Tratando das cicatrizes


Não aprendi a dizer adeus a tudo que via, mesmo que não convivia.

Porém, tenho que aceitar que as cicatrizes que ficaram, na cegueira adquirida, não são suficientes para que não enxergue mais.

Afinal, tenho paz, sinto cheiro, ouço, experimento e canto.
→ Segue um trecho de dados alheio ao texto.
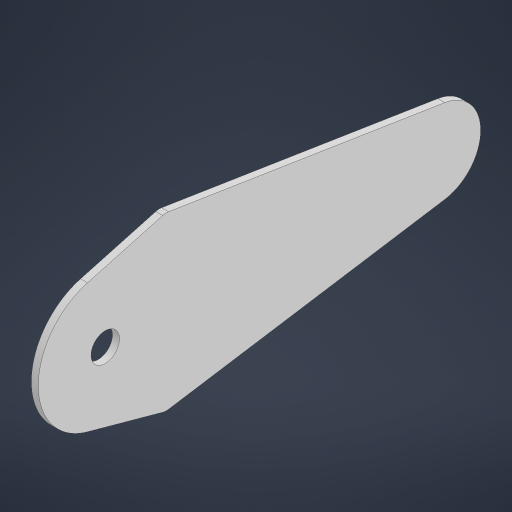
# Autodesk Inventor part: plate
Saved by Autodesk Inventor 2023 (Build 270158000, 158)
## iProperties
Created: 2023-02-24
Part Number: plate
Material: Generic
Document SubType Name: Modeling
Designer: ralph
Density: 1 g/cm^3
Appearance: Default
Author: ralph
Autodesk Inventor part; units mm, degrees
ref_plane "YZ Plane" through (0, 0, 0) normal (1, 0, 0) x (0, 1, 0)
ref_plane "XZ Plane" through (0, 0, 0) normal (0, 1, 0) x (-1, 0, 0)
ref_plane "XY Plane" through (0, 0, 0) normal (0, 0, 1) x (1, 0, 0)
sketch "Sketch1" plane through (0, 0, 0) normal (1, 0, 0) x (0, 1, 0)
  line L0 (-85.3041, -13.4634) -> (-38.3671, -310.8554)
  circle A0 centre (-65.7313, -56.0129) radius 12.7
  line L1 (-59.036, 16.234) -> (-77.9768, -52.6455)
  line L2 (59.036, 16.234) -> (77.9768, -52.6455)
  circle A1 centre (65.7313, -56.0129) radius 12.7
  line L3 (85.3041, -13.4634) -> (38.3671, -310.8554)
  circle A2 centre (0, -304.8) radius 38.842
  circle A3 centre (0, 0) radius 61.2274
  circle A4 centre (0, 0) radius 13.0175
  circle A5 centre (0, -304.8) radius 13.0175
  point P0 (0, 0)
  point P1 (-78.2761, -57.9928)
  point P2 (-38.3671, -310.8554)
  point P3 (38.3671, -310.8554)
  point P4 (78.2761, -57.9928)
  dimension "d0" = 25.4
  dimension "d1" = 26.035
  dimension "d2" = 26.035
  constraints: 8 end point, 6 centre point, 2 coincident
  measures "d0" diameter of A1
  measures "d1" diameter of A4
  measures "d2" diameter of A5
extrude "Extrusion1" add sketch "Sketch1" along normal blind 6.35 contours A0 L1 A3 L2 A1 L3 A2 L0 | A0 | A2 | A3 | A1 | A5
body "Solid1"
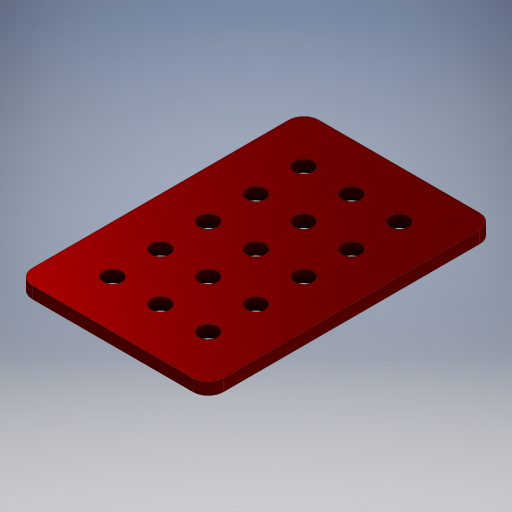
# Autodesk Inventor part: 3x5-Grid-Gusset
Saved by Autodesk Inventor 2024.2 (Build 282272000, 272)
## iProperties
Created: 2024-02-11
Part Number: 3x5-Grid-Gusset
Material: Generic
Document SubType Name: Modeling
Designer: rohan
Density: 1 g/cm^3
Appearance: Default
Author: rohan
Autodesk Inventor part; units mm, degrees
ref_plane "YZ Plane" through (0, 0, 0) normal (1, 0, 0) x (0, 1, 0)
ref_plane "XZ Plane" through (0, 0, 0) normal (0, 1, 0) x (-1, 0, 0)
ref_plane "XY Plane" through (0, 0, 0) normal (0, 0, 1) x (1, 0, 0)
sketch "Sketch1" plane through (0, 0, 0) normal (0, 1, 0) x (-1, 0, 0)
  circle A0 centre (13.0821, 0) radius 2.4892
  circle A1 centre (0.3821, 0) radius 2.4892
  line L0 (0, 10.7252) -> (0, 9.1262) construction
  circle A2 centre (-12.3179, 0) radius 2.4892
  circle A3 centre (13.0821, -12.7) radius 2.4892
  circle A4 centre (0.3821, -12.7) radius 2.4892
  circle A5 centre (-12.3179, -12.7) radius 2.4892
  circle A6 centre (13.0821, -25.4) radius 2.4892
  circle A7 centre (0.3821, -25.4) radius 2.4892
  circle A8 centre (-12.3179, -25.4) radius 2.4892
  circle A9 centre (13.0821, -38.1) radius 2.4892
  circle A10 centre (0.3821, -38.1) radius 2.4892
  circle A11 centre (-12.3179, -38.1) radius 2.4892
  circle A12 centre (13.0821, -50.8) radius 2.4892
  circle A13 centre (0.3821, -50.8) radius 2.4892
  circle A14 centre (-12.3179, -50.8) radius 2.4892
  line L1 (21.7943, 12.7) -> (-21.0301, 12.7)
  line L2 (-25.0179, 8.7122) -> (-25.0179, -59.5122)
  line L3 (-21.0301, -63.5) -> (21.7943, -63.5)
  line L4 (25.7821, -59.5122) -> (25.7821, 8.7122)
  arc A15 (25.7821, 8.7122) -> (21.7943, 12.7) centre (21.7943, 8.7122) ccw
  arc A16 (-21.0301, 12.7) -> (-25.0179, 8.7122) centre (-21.0301, 8.7122) ccw
  arc A17 (-25.0179, -59.5122) -> (-21.0301, -63.5) centre (-21.0301, -59.5122) ccw
  arc A18 (21.7943, -63.5) -> (25.7821, -59.5122) centre (21.7943, -59.5122) ccw
  point P0 (0, 0)
  point P1 (-25.0179, -63.5)
  point P2 (-25.0179, 12.7)
  point P3 (25.7821, -63.5)
  dimension "d0" = 4.9784
  dimension "d1" = 4.9784
  dimension "d2" = 12.7
  dimension "d3" = 4.9784
  dimension "d4" = 12.7
  dimension "d7" = 12.7
  dimension "d14" = 50.8
  dimension "d15" = 76.2
  dimension "d16" = 3.9878
  constraints: 19 centre point, 10 end point, 8 point on circle, 8 tangent, 6 point on line, 3 equal radius, 2 parallel, 2 vertical, 1 horizontal, 1 perpendicular, 24 other
  measures "d0" diameter of A0
  measures "d1" diameter of A1
  measures "d2" distance of A1.centre A0.centre
  measures "d3" diameter of A2
  measures "d4" distance of A1.centre A2.centre
  measures "d7" distance of A0.centre A3.centre
  measures "d14" distance of point (25.782, -63.5) point (-25.018, -63.5)
  measures "d15" distance of point (-25.018, -63.5) point (-25.018, 12.7)
  measures "d16" radius of A15
extrude "Extrusion1" add sketch "Sketch1" along normal blind 3.175
body "Solid1"

Vivo bem, tenho até mais do que os olhos alcançam e não tocam.

Pois muitos têm a visão externa, mas não conseguem enxergar a beleza da alma, do cheiro e do paladar.
Não conseguem compreender o que realmente é ver, tendo que conviver com uma pessoa cega e experimentar da sua vida, para aí talvez entender.

Sei que não é fácil tratar das cicatrizes, principalmente porque a sociedade cega em seu egoísmo, não enxerga aquele com limitação no olhar, retirando dele a vontade de explicar, de ser livre e sonhar.

Querem que quando estiverem falando tenham olhar fixo no interlocutor para sua voz ter valor, sem enxergar sua alma que clama por amor.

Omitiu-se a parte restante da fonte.